--- EXTRACTED ENTRIES Enclosed Below ---

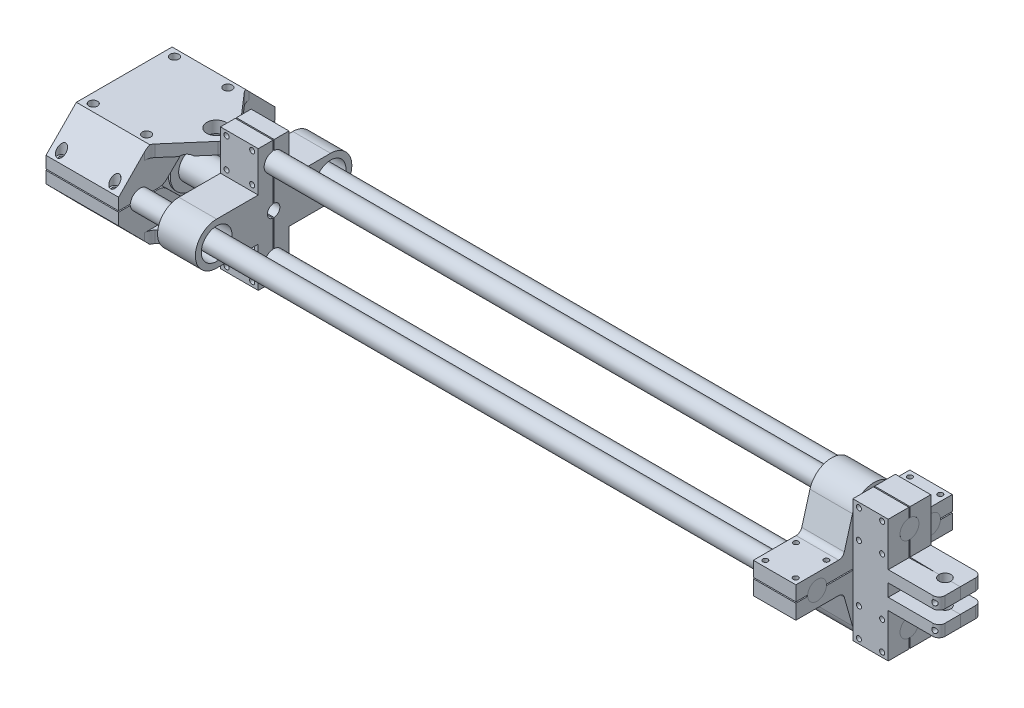
from build123d import *

# Parameters (mm, degrees)
SKETCH2_W              = 56.5
SKETCH2_H              = 56.5
SKETCH2_R              = 19.05
SKETCH2_R_2            = 2.5
SKETCH2_R_3            = 3.175
BOSS_EXTRUDE1_DEPTH    = 56.5
SKETCH2_5_R            = 19.05
SKETCH2_5_R_2          = 3.175
BOSS_EXTRUDE3_DEPTH    = 1.6
SKETCH2_6_R            = 3.175
BOSS_EXTRUDE4_DEPTH    = 20.6
BOSS_EXTRUDE2_START    = -56.5
SKETCH2_3_R            = 8
BOSS_EXTRUDE2_DEPTH    = 635
BOSS_EXTRUDE2_2_DEPTH  = 635
SKETCH3_R              = 12
SKETCH3_R_2            = 5
BOSS_EXTRUDE5_DEPTH    = 35
SKETCH3_3_R            = 5
SKETCH3_3_R_2          = 3.175
BOSS_EXTRUDE6_DEPTH    = 17
BOSS_EXTRUDE7_DEPTH    = 56.5
BOSS_EXTRUDE8_START    = -61.5
SKETCH4_4_R            = 2.5
BOSS_EXTRUDE8_DEPTH    = 5
SKETCH5_R              = 2.15
CUT_EXTRUDE1_DEPTH     = 584.425353328
FILLET1_START          = -57
FILLET1_DEPTH          = 62
FILLET1_2_DEPTH        = 5
SKETCH9_R              = 8.1
BOSS_EXTRUDE9_DEPTH    = 10
FILLET3_R              = 10
SKETCH10_R             = 4.5
CUT_EXTRUDE5_DEPTH     = 579.467927299
CUT_EXTRUDE2_START     = 10
SKETCH5_3_R            = 3.65
CUT_EXTRUDE2_DEPTH     = 574.425353335
CUT_EXTRUDE3_START     = 10
CUT_EXTRUDE3_DEPTH     = 574.425353335
SKETCH7_W              = 8
SKETCH7_H              = 10
CUT_EXTRUDE4_DEPTH     = 587.849938576
FILLET2_R              = 3
SKETCH12_R             = 13
BOSS_EXTRUDE10_DEPTH   = 36
SKETCH13_R             = 2.15
CUT_EXTRUDE6_DEPTH     = 585.38381472
FILLET4_R              = 5
SKETCH15_R             = 13
BOSS_EXTRUDE12_DEPTH   = 32
CUT_EXTRUDE8_START     = 11.9
CUT_EXTRUDE8_DEPTH     = 8.2
SKETCH16_R             = 2.15
CUT_EXTRUDE7_DEPTH     = 587.487691687
SKETCH17_R             = 8
BOSS_EXTRUDE13_DEPTH   = 570.5
BOSS_EXTRUDE13_2_DEPTH = 570.5
BOSS_EXTRUDE14_START   = -30
BOSS_EXTRUDE14_DEPTH   = 30
SKETCH20_R             = 2.15
CUT_EXTRUDE9_DEPTH     = 617.761957728
BOSS_EXTRUDE17_DEPTH   = 15
CUT_EXTRUDE10_DEPTH    = 5.3
SKETCH24_R             = 2.15
CUT_EXTRUDE11_DEPTH    = 660.223264532
FILLET5_R              = 5.08
FILLET6_R              = 5.08
FILLET7_R              = 5.08
FILLET8_R              = 5.08


with BuildPart() as part:
    # Sketch2 → Boss-Extrude1 (new body)
    # profile 1 of 3: a face of its own
    with BuildSketch(Plane(origin=(0, 0, 0), x_dir=(0, 0, -1), z_dir=(1, 0, 0))):
        Rectangle(SKETCH2_W, SKETCH2_H)
        Circle(SKETCH2_R, mode=Mode.SUBTRACT)
        with Locations((23.57, -23.57)):
            Circle(SKETCH2_R_2, mode=Mode.SUBTRACT)
        with Locations((-23.57, -23.57)):
            Circle(SKETCH2_R_2, mode=Mode.SUBTRACT)
        with Locations((-23.57, 23.57)):
            Circle(SKETCH2_R_2, mode=Mode.SUBTRACT)
        with Locations((23.57, 23.57)):
            Circle(SKETCH2_R_2, mode=Mode.SUBTRACT)
    # profile 2 of 3: a face of its own
    with BuildSketch(Plane(origin=(0, 0, 0), x_dir=(0, 0, -1), z_dir=(1, 0, 0))):
        Circle(SKETCH2_R)
        Circle(SKETCH2_R_3, mode=Mode.SUBTRACT)
    # profile 3 of 3: a face of its own
    with BuildSketch(Plane(origin=(0, 0, 0), x_dir=(0, 0, -1), z_dir=(1, 0, 0))):
        Circle(SKETCH2_R_3)
    extrude(amount=-BOSS_EXTRUDE1_DEPTH)

    # Sketch2<5> → Boss-Extrude3 (add)
    # profile 1 of 2: a face of its own
    with BuildSketch(Plane(origin=(0, 0, 0), x_dir=(0, 0, -1), z_dir=(1, 0, 0))):
        Circle(SKETCH2_5_R)
        Circle(SKETCH2_5_R_2, mode=Mode.SUBTRACT)
    # profile 2 of 2: a face of its own
    with BuildSketch(Plane(origin=(0, 0, 0), x_dir=(0, 0, -1), z_dir=(1, 0, 0))):
        Circle(SKETCH2_5_R_2)
    extrude(amount=BOSS_EXTRUDE3_DEPTH)

    # Sketch2<6> → Boss-Extrude4 (add)
    with BuildSketch(Plane(origin=(0, 0, 0), x_dir=(0, 0, -1), z_dir=(1, 0, 0))):
        with Locations(Location((0, 0, 0), (0, 0, 180))):
            Circle(SKETCH2_6_R)
    extrude(amount=BOSS_EXTRUDE4_DEPTH)


with BuildPart() as body_2:
    # Sketch2<3> → Boss-Extrude2 (new body)
    with BuildSketch(Plane(origin=(0, 0, 0), x_dir=(0, 0, -1), z_dir=(1, 0, 0)).offset(BOSS_EXTRUDE2_START)):
        with Locations(Location((48.25, 0, 0), (0, 0, 180))):
            Circle(SKETCH2_3_R)
    extrude(amount=BOSS_EXTRUDE2_DEPTH)


with BuildPart() as body_3:
    # Sketch2<3> → Boss-Extrude2 2 (new body)
    with BuildSketch(Plane(origin=(0, 0, 0), x_dir=(0, 0, -1), z_dir=(1, 0, 0)).offset(BOSS_EXTRUDE2_START)):
        with Locations(Location((-48.25, 0, 0), (0, 0, 180))):
            Circle(SKETCH2_3_R)
    extrude(amount=BOSS_EXTRUDE2_2_DEPTH)


with BuildPart() as body_4:
    # Sketch3 → Boss-Extrude5 (new body)
    with BuildSketch(Plane(origin=(1.6, 0, 0), x_dir=(0, 0, -1), z_dir=(1, 0, 0))):
        Circle(SKETCH3_R)
        Circle(SKETCH3_R_2, mode=Mode.SUBTRACT)
    extrude(amount=BOSS_EXTRUDE5_DEPTH)

    # Sketch3<3> → Boss-Extrude6 (add)
    with BuildSketch(Plane(origin=(1.6, 0, 0), x_dir=(0, 0, -1), z_dir=(1, 0, 0))):
        Circle(SKETCH3_3_R)
        Circle(SKETCH3_3_R_2, mode=Mode.SUBTRACT)
    extrude(amount=BOSS_EXTRUDE6_DEPTH)


with BuildPart() as body_5:
    # Sketch4 → Boss-Extrude7 (new body)
    with BuildSketch(Plane.ZY.offset(56.5)):
        with BuildLine():
            Line((-66.234359711, 0.5), (-56.234359711, 0.5))
            ThreePointArc((-56.234359711, 0.5), (-48.25, 8), (-40.265640289, 0.5))
            Line((-40.265640289, 0.5), (-28.55, 0.5))
            Line((-28.55, 0.5), (-28.55, 28.55))
            Line((-28.55, 28.55), (28.55, 28.55))
            Line((28.55, 28.55), (28.55, 0.5))
            Line((28.55, 0.5), (40.265640289, 0.5))
            ThreePointArc((40.265640289, 0.5), (48.25, 8), (56.234359711, 0.5))
            Line((56.234359711, 0.5), (66.234359711, 0.5))
            Line((66.234359711, 0.5), (66.234359711, 10.5))
            Line((66.234359711, 10.5), (40.55, 36.55))
            Line((40.55, 36.55), (-40.55, 36.55))
            Line((-40.55, 36.55), (-66.234359711, 10.5))
            Line((-66.234359711, 10.5), (-66.234359711, 0.5))
        make_face()
    extrude(amount=-BOSS_EXTRUDE7_DEPTH)

    # Sketch4<4> → Boss-Extrude8 (add)
    with BuildSketch(Plane.ZY.offset(56.5).offset(BOSS_EXTRUDE8_START)):
        with BuildLine():
            Line((-66.234359711, 10.5), (-66.234359711, 0.5))
            Line((-66.234359711, 0.5), (-56.234359711, 0.5))
            ThreePointArc((-56.234359711, 0.5), (-48.25, 8), (-40.265640289, 0.5))
            Line((-40.265640289, 0.5), (-28.55, 0.5))
            Line((-28.55, 0.5), (0, 28.55))
            Line((0, 28.55), (28.55, 0.5))
            Line((28.55, 0.5), (40.265640289, 0.5))
            ThreePointArc((40.265640289, 0.5), (48.25, 8), (56.234359711, 0.5))
            Line((56.234359711, 0.5), (66.234359711, 0.5))
            Line((66.234359711, 0.5), (66.234359711, 10.5))
            Line((66.234359711, 10.5), (40.55, 36.55))
            Line((40.55, 36.55), (-40.55, 36.55))
            Line((-40.55, 36.55), (-66.234359711, 10.5))
        make_face()
        with Locations(Location((-23.57, 23.57, 0), (0, 0, 180))):
            Circle(SKETCH4_4_R, mode=Mode.SUBTRACT)
        with Locations(Location((23.57, 23.57, 0), (0, 0, 180))):
            Circle(SKETCH4_4_R, mode=Mode.SUBTRACT)
    extrude(amount=BOSS_EXTRUDE8_DEPTH)

    # Sketch5 → Cut-Extrude1 (cut, through all)
    with BuildSketch(Plane(origin=(0, 0, 0), x_dir=(1, 0, 0), z_dir=(0, 1, 0))):
        with Locations(Location((-48.35, 61.234359711, 0), (0, 0, 90))):
            Circle(SKETCH5_R)
        with Locations(Location((-3.15, 61.234359711, 0), (0, 0, 90))):
            Circle(SKETCH5_R)
        with Locations(Location((-48.35, 34.407820144, 0), (0, 0, 270))):
            Circle(SKETCH5_R)
        with Locations(Location((-3.15, 34.407820144, 0), (0, 0, 270))):
            Circle(SKETCH5_R)
    cut_extrude1 = extrude(amount=CUT_EXTRUDE1_DEPTH, mode=Mode.SUBTRACT)

    # Fillet1: read off the stored shape, not the designer's step
    # Fillet1 outline → Fillet1 (cut)
    with BuildSketch(Plane.YZ.offset(FILLET1_START)):
        with BuildLine():
            Line((0.5, 28.55), (3.366745252, 25.632154119))
            ThreePointArc((3.366745252, 25.632154119), (1.244392309, 28.854492424), (0.5, 32.640483214))
            Line((0.5, 32.640483214), (0.5, 28.55))
        make_face()
        with BuildLine():
            ThreePointArc((0.5, -32.640483214), (1.244392309, -28.854492424), (3.366745252, -25.632154119))
            Line((3.366745252, -25.632154119), (0.5, -28.55))
            Line((0.5, -28.55), (0.5, -32.640483214))
        make_face()
    extrude(amount=FILLET1_DEPTH, mode=Mode.SUBTRACT)

    # Fillet1 2 outline → Fillet1 2 (add)
    with BuildSketch(Plane.YZ):
        with BuildLine():
            Line((28.55, 0), (21.664408717, 7.008329095))
            ThreePointArc((21.664408717, 7.008329095), (24.53115397, 0), (21.664408717, -7.008329095))
            Line((21.664408717, -7.008329095), (28.55, 0))
        make_face()
    extrude(amount=FILLET1_2_DEPTH)

    # Mirror3: Cut-Extrude1 across plane
    add(cut_extrude1.mirror(Plane.XY), mode=Mode.SUBTRACT)

    # Sketch9 → Boss-Extrude9 (add)
    with BuildSketch(Plane(origin=(0, 36.55, 0), x_dir=(1, 0, 0), z_dir=(0, 1, 0))):
        with BuildLine():
            Line((5, 40.55), (32.152667604, 9.237460307))
            ThreePointArc((32.152667604, 9.237460307), (35.6, 0), (32.152667604, -9.237460307))
            Line((32.152667604, -9.237460307), (5, -40.55))
            Line((5, -40.55), (5, 40.55))
        make_face()
        with Locations(Location((21.5, 0, 0), (0, 0, 270))):
            Circle(SKETCH9_R, mode=Mode.SUBTRACT)
    extrude(amount=-BOSS_EXTRUDE9_DEPTH)

    # Fillet3
    fillet3_edges = [body_5.edges().sort_by_distance(p)[0] for p in [
        (5, 31.55, 40.55),
        (5, 31.55, -40.55),
    ]]
    fillet(fillet3_edges, radius=FILLET3_R)

    # Sketch10 → Cut-Extrude5 (cut, through all)
    with BuildSketch(Plane(origin=(5, 0, 0), x_dir=(0, 0, -1), z_dir=(1, 0, 0))):
        with Locations((-23.57, 23.57)):
            Circle(SKETCH10_R)
        with Locations((23.57, 23.57)):
            Circle(SKETCH10_R)
    extrude(amount=CUT_EXTRUDE5_DEPTH, mode=Mode.SUBTRACT)


with BuildPart() as body_6:
    # Mirror2: mirrored copy
    add(body_5.part.mirror(Plane.ZX))

    # Sketch6 → Cut-Extrude3 (cut, through all)
    with BuildSketch(Plane.XZ.offset(CUT_EXTRUDE3_START)):
        Polygon((-44.164210548, -34.407820144), (-46.257105274, -30.782820144), (-50.442894726, -30.782820144), (-52.535789452, -34.407820144), (-50.442894726, -38.032820144), (-46.257105274, -38.032820144), align=None)
        Polygon((1.035789452, -34.407820144), (-1.057105274, -30.782820144), (-5.242894726, -30.782820144), (-7.335789452, -34.407820144), (-5.242894726, -38.032820144), (-1.057105274, -38.032820144), align=None)
        Polygon((-44.164210548, -61.234359711), (-46.257105274, -57.609359711), (-50.442894726, -57.609359711), (-52.535789452, -61.234359711), (-50.442894726, -64.859359711), (-46.257105274, -64.859359711), align=None)
        Polygon((1.035789452, -61.234359711), (-1.057105274, -57.609359711), (-5.242894726, -57.609359711), (-7.335789452, -61.234359711), (-5.242894726, -64.859359711), (-1.057105274, -64.859359711), align=None)
    cut_extrude3 = extrude(amount=CUT_EXTRUDE3_DEPTH, mode=Mode.SUBTRACT)


with BuildPart() as body_5_1:
    add(body_5.part)

    # Sketch5<3> → Cut-Extrude2 (cut, through all)
    with BuildSketch(Plane(origin=(0, 0, 0), x_dir=(1, 0, 0), z_dir=(0, 1, 0)).offset(CUT_EXTRUDE2_START)):
        with Locations(Location((-3.15, 61.234359711, 0), (0, 0, 90))):
            Circle(SKETCH5_3_R)
        with Locations(Location((-48.35, 61.234359711, 0), (0, 0, 90))):
            Circle(SKETCH5_3_R)
        with Locations(Location((-48.35, 34.407820144, 0), (0, 0, 270))):
            Circle(SKETCH5_3_R)
        with Locations(Location((-3.15, 34.407820144, 0), (0, 0, 270))):
            Circle(SKETCH5_3_R)
    cut_extrude2 = extrude(amount=CUT_EXTRUDE2_DEPTH, mode=Mode.SUBTRACT)


with BuildPart() as mirror1_tool:
    # Mirror1: Cut-Extrude2, Cut-Extrude3 across plane
    add(cut_extrude2.mirror(Plane.XY))
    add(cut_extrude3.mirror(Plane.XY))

--- End of Enclosed EXTRACTED ENTRIES ---

Return only the lines between the one holding "extrude(amount=BOSS_EXTRUDE4_DEPTH)" and the one holding "extrude(amount=BOSS_EXTRUDE2_DEPTH)", inclusive, exactly as they appear above.

    extrude(amount=BOSS_EXTRUDE4_DEPTH)


with BuildPart() as body_2:
    # Sketch2<3> → Boss-Extrude2 (new body)
    with BuildSketch(Plane(origin=(0, 0, 0), x_dir=(0, 0, -1), z_dir=(1, 0, 0)).offset(BOSS_EXTRUDE2_START)):
        with Locations(Location((48.25, 0, 0), (0, 0, 180))):
            Circle(SKETCH2_3_R)
    extrude(amount=BOSS_EXTRUDE2_DEPTH)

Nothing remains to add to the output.